Reactions: Like 1 | Agree 4 | Disagree 1


----------



## Schnappie

Kalashnikov said:


> I wouldnt say flavour would always be better. These stock coils of late in the subohm tanks are extremely impressive.


Some stock coils have impressed I agree, they are closing the gap fast. I guess like with everything this is all subjective, but I find myself going back to rebuildables lately. Just because I can "fine tune" to my style and taste

Reactions: Like 3 | Agree 1


----------



## DangerDave

Schnappie said:


> Some stock coils have impressed I agree, they are closing the gap fast. I guess like with everything this is all subjective, but I find myself going back to rebuildables lately. Just because I can "fine tune" to my style and taste



Absolutely! I have only been "properly" rebuilding for a couple of months, but the taste difference is incredible. 

I believe there is a build deck in the pipeline for the Crown III... But no confirmation of that yet. So you are right, the crown is limited by their stock coils... Should that be a big enough issue to sway my decision though?

Reactions: Like 2


----------



## Schnappie

DangerDave said:


> Absolutely!
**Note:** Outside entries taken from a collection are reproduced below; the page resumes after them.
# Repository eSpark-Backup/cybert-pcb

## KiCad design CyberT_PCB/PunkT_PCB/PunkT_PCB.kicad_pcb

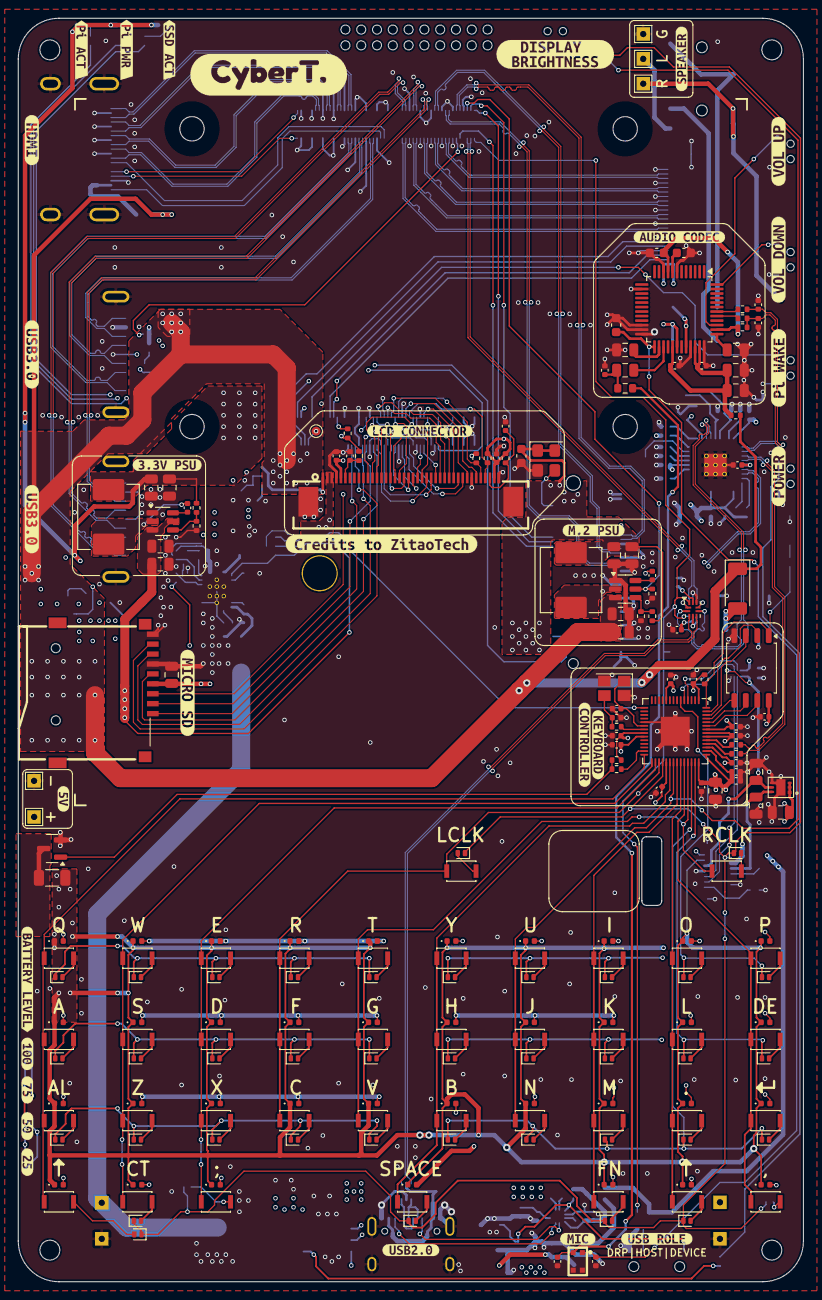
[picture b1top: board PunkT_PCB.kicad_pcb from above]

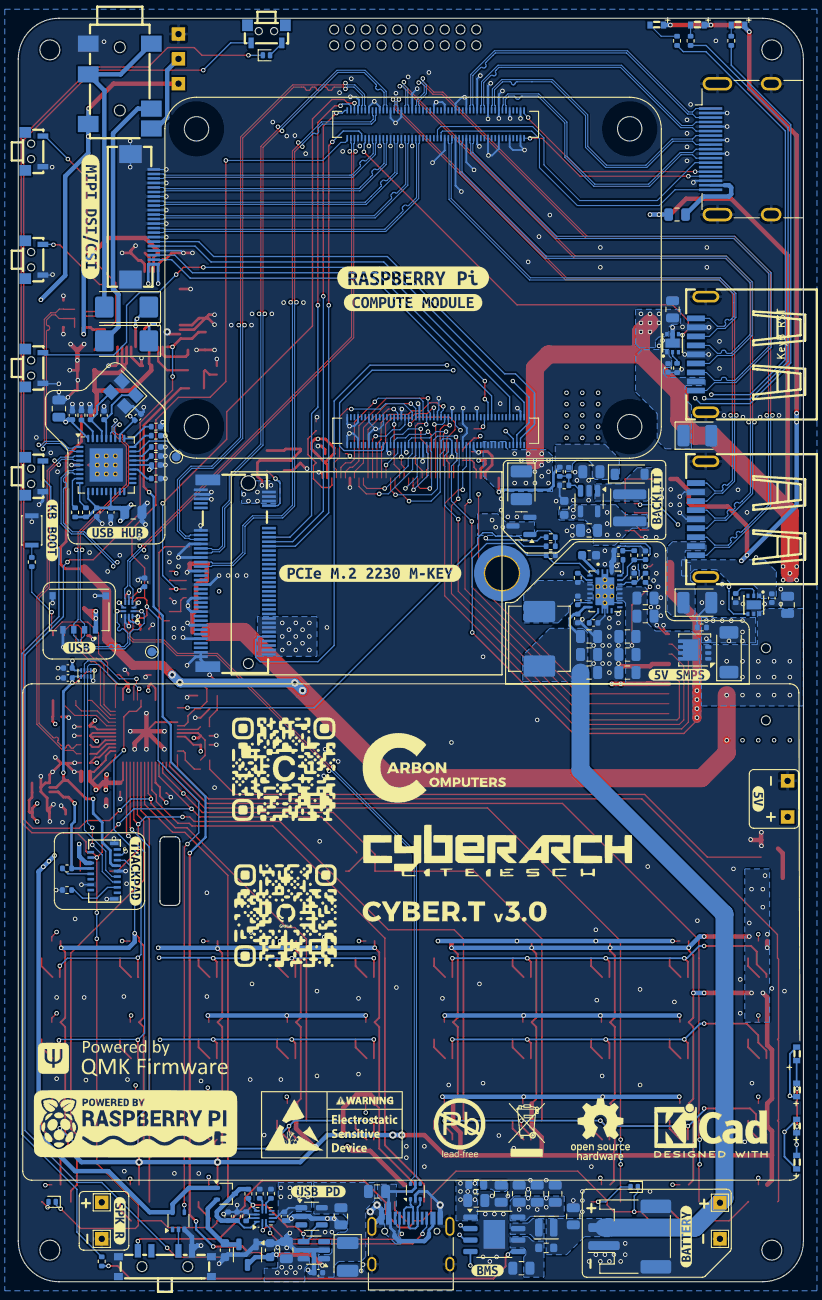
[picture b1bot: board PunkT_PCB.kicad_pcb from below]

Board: 4 copper layers, 87.0 x 140.0 mm, 405 parts (166 on the bottom side), 271 nets.

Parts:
C1, C4: 15pF; C_0402_1005Metric
C2, C10, C11, C13, C14, C15, C19, C21, C26, C30, C31, C36, C39, C43, C44, C49, C59, C60, C66, C79, C98, C101, C309, C312: 10uF; C_0805_2012Metric
C3, C5, C6, C7, C8, C9, C23, C25, C33, C40, C42, C47, C51, C56, C57, C61, C69, C70, C72, C73, C74, C75, C76, C77, C78, C81, C82, C86, C88, C96, C99, C100, C102: 0.1uF; C_0402_1005Metric
C12, C48, C58, C97: 100uF; CP_EIA-3528-21_Kemet-B
C16, C17: 470uF; CP_EIA-6032-28_Kemet-C
C18, C20: 100pF; C_0402_1005Metric
C22, C32: 22pF; C_0402_1005Metric
C24, C41, C71: 100nF; C_0402_1005Metric
C27, C28, C29, C80, C105: 4.7uF; C_0603_1608Metric
C34, C35: 33pF; C_0402_1005Metric
C37, C38, C45, C46, C50, C52, C53, C62, C63, C65, C83, C84, C85, C91, C93, C103, C104: 22uF; C_0805_2012Metric
C64: 0.1uF; C_0603_1608Metric
C67, C68, C95: 1uF; C_0402_1005Metric
C87, C310: 2.2uF; C_0603_1608Metric
C90: 8.2nF; C_0402_1005Metric
C92: 1nF; C_0402_1005Metric
C94: 47pF; C_0402_1005Metric
C311: 220pF; C_0402_1005Metric
D1, D6, D7, D8, D9, D11, D12, D13, D14, D15, D16, D17, D18, D20, D21, D22, D25, D26, D27, D30, D31, D32, D33, D35, D36, D37, D40, D41, D42, D43, D45, D46, D47, D48, D50, D51, D52, D53, D77, D81: D; D_SOD-882D
D2: PMEG2010ER,115; D_SOD-123
D3: Pi ACT; LED-SMD_XL-1606
D4: RPI PWR; LED-SMD_XL-1606
D10: PMEG4030EP,115; D_SOD-128
D19: LD1; LED-SMD_XL-1606
D23: LD2; LED-SMD_XL-1606
D24: LD3; LED-SMD_XL-1606
D28: LD4; LED-SMD_XL-1606
D29, D34, D38, D39, D44, D49, D54, D55, D56, D57, D58, D59, D60, D61, D62, D63, D64, D65, D66, D67, D68, D69, D70, D71, D72, D73, D74, D76, D78, D79, D80, D82, D83, D84, D85, D86, D87: LED; LED_0402_1005Metric
D75: BAT54CW; SOT-323_SC-70
D88: PCIe ACT; LED-SMD_XL-1606
D89: PMEG4050EP; D_SOD-128
F1: 200mA; Fuse_0805_2012Metric
H5: KEY; MountingHole_2.7mm_M2.5_DIN965_Pad_TopBottom
J1: SPK_L; TestPoint_THTPad_1.5x1.5mm_Drill0.7mm
J2: HDMI_A_1.4; HDMI_A_Molex_208658-1001_Horizontal
J3: CSI 1; FFC-SMD_22P-P0.50_X05A20L22T
J4, J21: SPK_R; TestPoint_THTPad_1.5x1.5mm_Drill0.7mm
J5: Micro_SD_Card; TF-SMD_TF-01A
J6, J22: SPK_GND; TestPoint_THTPad_1.5x1.5mm_Drill0.7mm
J7: USB; MOLEX_0781710004
J8: BATTERY; JST_PH_S2B-PH-SM4-TB_1x02-1MP_P2.00mm_Horizontal
J9: AFC07-S40ECA-00
J10: BAT+; TestPoint_THTPad_1.5x1.5mm_Drill0.7mm
J11: HEADPHONE; AUDIO-SMD_PJ-3420-A-SMT_C319102
J12: BAT-; TestPoint_THTPad_1.5x1.5mm_Drill0.7mm
J13: TYPE C; USB_C_Receptacle_HRO_TYPE-C-31-M-12
J14: FH35C-17S-0.3SHW(50); FPC-SMD_17P-P0.60_HRS_FH35C-17S-0.3SHW
J15, J16: CM5; REF
J17: Bus_M.2_Socket_M; PCI-APCI0079-P002A
J18, J19: U-A-39DS-Y-1
J20: display; REF
J23: +5V; TestPoint_THTPad_1.5x1.5mm_Drill0.7mm
J24: GND; TestPoint_THTPad_1.5x1.5mm_Drill0.7mm
L1: BLM18BD252SN1; R_0603_1608Metric
L2: 1uH; L_Sunlord_SWPA252012S
L3, L5: MWSA0618S-2R2MT; L_Sunlord_MWSA0618S
L4: MWSA0624S-1R0MT; L_Sunlord_MWSA0624S
L9: PSBHAA201210H-681T040; C_0805_2012Metric
L30: SWPA4012S100MT; L_Sunlord_SWPA4010S
Q1: DMP3013SFV; Diodes_PowerDI3333-8
Q2, Q3: AO3400A; SOT-23
R1: 2R; R_0603_1608Metric
R2, R8, R21, R24, R29, R33, R35, R44, R46, R50, R51: 10k; R_0402_1005Metric
R3, R4, R18, R19, R52: 1k; R_0402_1005Metric
R5: 120k; R_0402_1005Metric
R6, R41: 33.2k; R_0402_1005Metric
R7, R14, R42: 0R; R_0402_1005Metric
R9, R22, R26, R27, R53: 100k; R_0402_1005Metric
R10, R11, R13, R15: 36k; R_0402_1005Metric
R12: 12k; R_0402_1005Metric
R16, R17, R43, R45: 22R; R_0402_1005Metric
R20: 10.5k; R_0402_1005Metric
R23: 1.5k; R_0402_1005Metric
R25, R28, R30: 10K; R_0402_1005Metric
R31, R38: 15k; R_0402_1005Metric
R32, R49: 220R; R_0402_1005Metric
R34: 10R; R_1206_3216Metric
R36: 0.5R; R_0603_1608Metric
R39, R40: 5.1k; R_0402_1005Metric
R56: 267k; R_0402_1005Metric
R57: 113k; R_0402_1005Metric
R58: 23.7k; R_0402_1005Metric
R59: 220k; R_0402_1005Metric
R60: 69.8k; R_0402_1005Metric
SW1: PI WAKEUP; KEY-SMD_TX-1010-X-X
SW2: RESET; SW_SPST_CK_KXT3
SW3: VOL DWN; KEY-SMD_TX-1010-X-X
SW4, SW5, SW6, SW7, SW9, SW10, SW11, SW12, SW13, SW14, SW15, SW16, SW18, SW19, SW20, SW22, SW23, SW24, SW25, SW26, SW28, SW29, SW30, SW31, SW33, SW34, SW35, SW38, SW39, SW40, SW41, SW43, SW44, SW45, SW46, SW48, SW49, SW50, SW51: key; SW_SPST_CK_KXT3
SW8: VOL UP; KEY-SMD_TX-1010-X-X
SW17: POWER; KEY-SMD_TX-1010-X-X
SW21: DIPLAY BACKLIT; KEY-SMD_TX-1010-X-X
SW27: SSSS812201
TP5, TP11: nEXTRST; TestPoint_Pad_D1.0mm
TP12: nPiBOOT; TestPoint_Pad_D1.0mm
U1, U15: TPS565208DDCR; SOT-23-6
U2: TXS0102DQE; X2SON-8_1.4x1mm_P0.35mm
U3: USB2514B_Bi; QFN-36-1EP_6x6mm_P0.5mm_EP3.7x3.7mm_ThermalVias
U5, U16: TS3USB30ERSWR; UQFN-10_1.4x1.8mm_P0.4mm
U6: RPi-CM5; Raspberry-Pi-5-Compute-Module
U7: SN74LVC1G07DCKR; SOT-353_SC-70-5
U8: S15OT421-005; MIC-SMD_4P-L2.8-W1.9_S15OT421-005
U9: CM108; LQFP-48_7x7mm_P0.5mm
U10: USBLC6-2P6; SOT-666
U12, U13: AP2553FDC-7; WDFN-6_L2.0-W2.0-P0.65-BL-EP-1
U17: RP2040; QFN-56-1EP_7x7mm_P0.4mm_EP3.2x3.2mm
U18: IP5306; HTSOP-8-1EP_3.9x4.9mm_P1.27mm_EP2.4x3.2mm
U19: W25Q128JVS; SOIC-8_5.3x5.3mm_P1.27mm
U21: VRD1828MLX; LLP-6_L2.0-W1.8-P0.50-BL-EP
U22: TPS61088RHLR; IC_TPS61088RHLR
U23: XC6206PxxxMR; SOT-23-3
U25: FUSB303BTMX; Texas_X2QFN-12_1.6x1.6mm_P0.4mm
U26: AP22814AW5; SOT-23-5
U27: AP22814BW5; SOT-23-5
U57: LMR62014XMFX; SOT-23-5
Y1: 24MHz; Crystal_SMD_Abracon_ABM8G-4Pin_3.2x2.5mm
Y2: 12MHz; Crystal_SMD_SeikoEpson_FA238-4Pin_3.2x2.5mm
Y3: OK2JI-111-32.768K; Oscillator_SMD_SiT_PQFN-4Pin_3.2x2.5mm
kibuzzard-68A0B5B4: G***; kibuzzard-68A0B5B4
kibuzzard-68A0B5DF: G***; kibuzzard-68A0B5DF
kibuzzard-68A0B7F3: G***; kibuzzard-68A0B7F3
kibuzzard-68A0B20E: G***; kibuzzard-68A0B20E
kibuzzard-68A0B54C, kibuzzard-68A0B54C#2: G***; kibuzzard-68A0B54C
kibuzzard-68A0B61C: G***; kibuzzard-68A0B61C
kibuzzard-68A0B62B: G***; kibuzzard-68A0B62B
kibuzzard-68A0B64B: G***; kibuzzard-68A0B64B
kibuzzard-68A0B71E: G***; kibuzzard-68A0B71E
kibuzzard-68A0B217: G***; kibuzzard-68A0B217
kibuzzard-68A0B281: G***; kibuzzard-68A0B281
kibuzzard-68A0B510: G***; kibuzzard-68A0B510
kibuzzard-68A0B518: G***; kibuzzard-68A0B518
kibuzzard-68A0B535: G***; kibuzzard-68A0B535
kibuzzard-68A0B569: G***; kibuzzard-68A0B569
kibuzzard-68A0B633: G***; kibuzzard-68A0B633
kibuzzard-68A0B676: G***; kibuzzard-68A0B676
kibuzzard-68A0B778: G***; kibuzzard-68A0B778
kibuzzard-68A0B782: G***; kibuzzard-68A0B782
kibuzzard-68A77CD8: G***; kibuzzard-68A77CD8
kibuzzard-68A77CF1: G***; kibuzzard-68A77CF1
kibuzzard-68A77E8B: G***; kibuzzard-68A77E8B
kibuzzard-68A770D3, kibuzzard-68A770D3#2: G***; kibuzzard-68A770D3
kibuzzard-68A771D4: G***; kibuzzard-68A771D4
kibuzzard-68A772E8: G***; kibuzzard-68A772E8
kibuzzard-68A773B1: G***; kibuzzard-68A773B1
kibuzzard-68A777A6: G***; kibuzzard-68A777A6
kibuzzard-68A777CE: G***; kibuzzard-68A777CE
kibuzzard-68A777FF: G***; kibuzzard-68A777FF
kibuzzard-68A778E8: G***; kibuzzard-68A778E8
kibuzzard-68A778EF: G***; kibuzzard-68A778EF
kibuzzard-68A778FF: G***; kibuzzard-68A778FF
kibuzzard-68A788C5: G***; kibuzzard-68A788C5
kibuzzard-68A7778C: G***; kibuzzard-68A7778C
kibuzzard-68A7792B: G***; kibuzzard-68A7792B
kibuzzard-68A77223: G***; kibuzzard-68A77223
kibuzzard-68A77349: G***; kibuzzard-68A77349
kibuzzard-68A77437: G***; kibuzzard-68A77437
kibuzzard-68A77588: G***; kibuzzard-68A77588
kibuzzard-68A77715: G***; kibuzzard-68A77715
kibuzzard-68A77820: G***; kibuzzard-68A77820
kibuzzard-68A77953: G***; kibuzzard-68A77953
kibuzzard-68A79058: G***; kibuzzard-68A79058

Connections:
+1V1: C67.1, C69.1, C70.1, U17.23 (DVDD), U17.45 (VREG_VOUT), U17.50 (DVDD)
+1V8: C19.1, C24.1, J14.7, U2.1 (VCCA), U2.5 (OE), U21.5 (VOUT1)
+2V8: C15.1, J14.8, R35.1, U21.6 (VOUT2)
+3.3V: C2.1, C3.1, C5.1, C6.1, C7.1, C8.1, C9.1, C10.1, C11.1, C14.1, C40.1, C41.1, C42.1, C56.1, C57.1, C68.1, C71.1, C72.1, C73.1, C74.1, C75.1, C76.1, C77.1, C78.1, C79.1, C103.1, C104.1, D3.2 (A), D4.2 (A), D75.1, D88.2 (A), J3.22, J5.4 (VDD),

I have only been "properly" rebuilding for a couple of months, but the taste difference is incredible.
> 
> I believe there is a build deck in the pipeline for the Crown III... But no confirmation of that yet. So you are right, the crown is limited by their stock coils... Should that be a big enough issue to sway my decision though?


It really depends on what you prefer bud. This is just my opinion, and you do run the risk of a leaky tank with the others. I know @Rafique has recently purchased a Crown III tank and has used his fair share of RTA's. Maybe he can advise?

Reactions: Like 2


----------



## DangerDave

Schnappie said:


> It really depends on what you prefer bud. This is just my opinion, and you do run the risk of a leaky tank with the others. I know @Rafique has recently purchased a Crown III tank and has used his fair share of RTA's. Maybe he can advise?



Yeah so that's why I asked the question... it's a potentially leaky but a tasty rebuildable, vs a commercial cool tank, with the possibility of a rba deck in the future. 

These two particular tanks caught my eye because they are both cloudy and tasty! I couldn't find any comparisons online... so I'm there are a couple with both here who can offer some insight

Reactions: Like 2


----------



## Silver

DangerDave said:


> Anyone have both the Klyin/Ammit, and the Crown III?
> 
> I'm interested to know how they compare?
> I was dead set on a Kylin or Ammit come payday, but with all the leaking issues, I'm not so sure anymore.
> 
> So! I'd like to hear what those that have both think of them, and which they prefer?
> Or any recommendations of what to get instead?
> 
> I saw Uncle @Rob Fisher got Vape Mail of both... So could you comment?



I like comparison threads like this @DangerDave 
Thanks for starting it
Will be watching

Reactions: Like 1


----------



## DangerDave

Silver said:


> I like comparison threads like this @DangerDave
> Thanks for starting it
> Will be watching


Thanks @Silver, agreed! I find the comparisons so useful, as it gives a reference point!

Reactions: Like 2


----------



## shabbar

I have a kylin and it has not leaked on me yet (fingers crossed) , she does drink juice tho. Have to fill up every few minutes

Reactions: Like 2


----------



## Clouds4Days

Last i hears if im not mistaken @Rafique was not that impressed with the crown 3 tank.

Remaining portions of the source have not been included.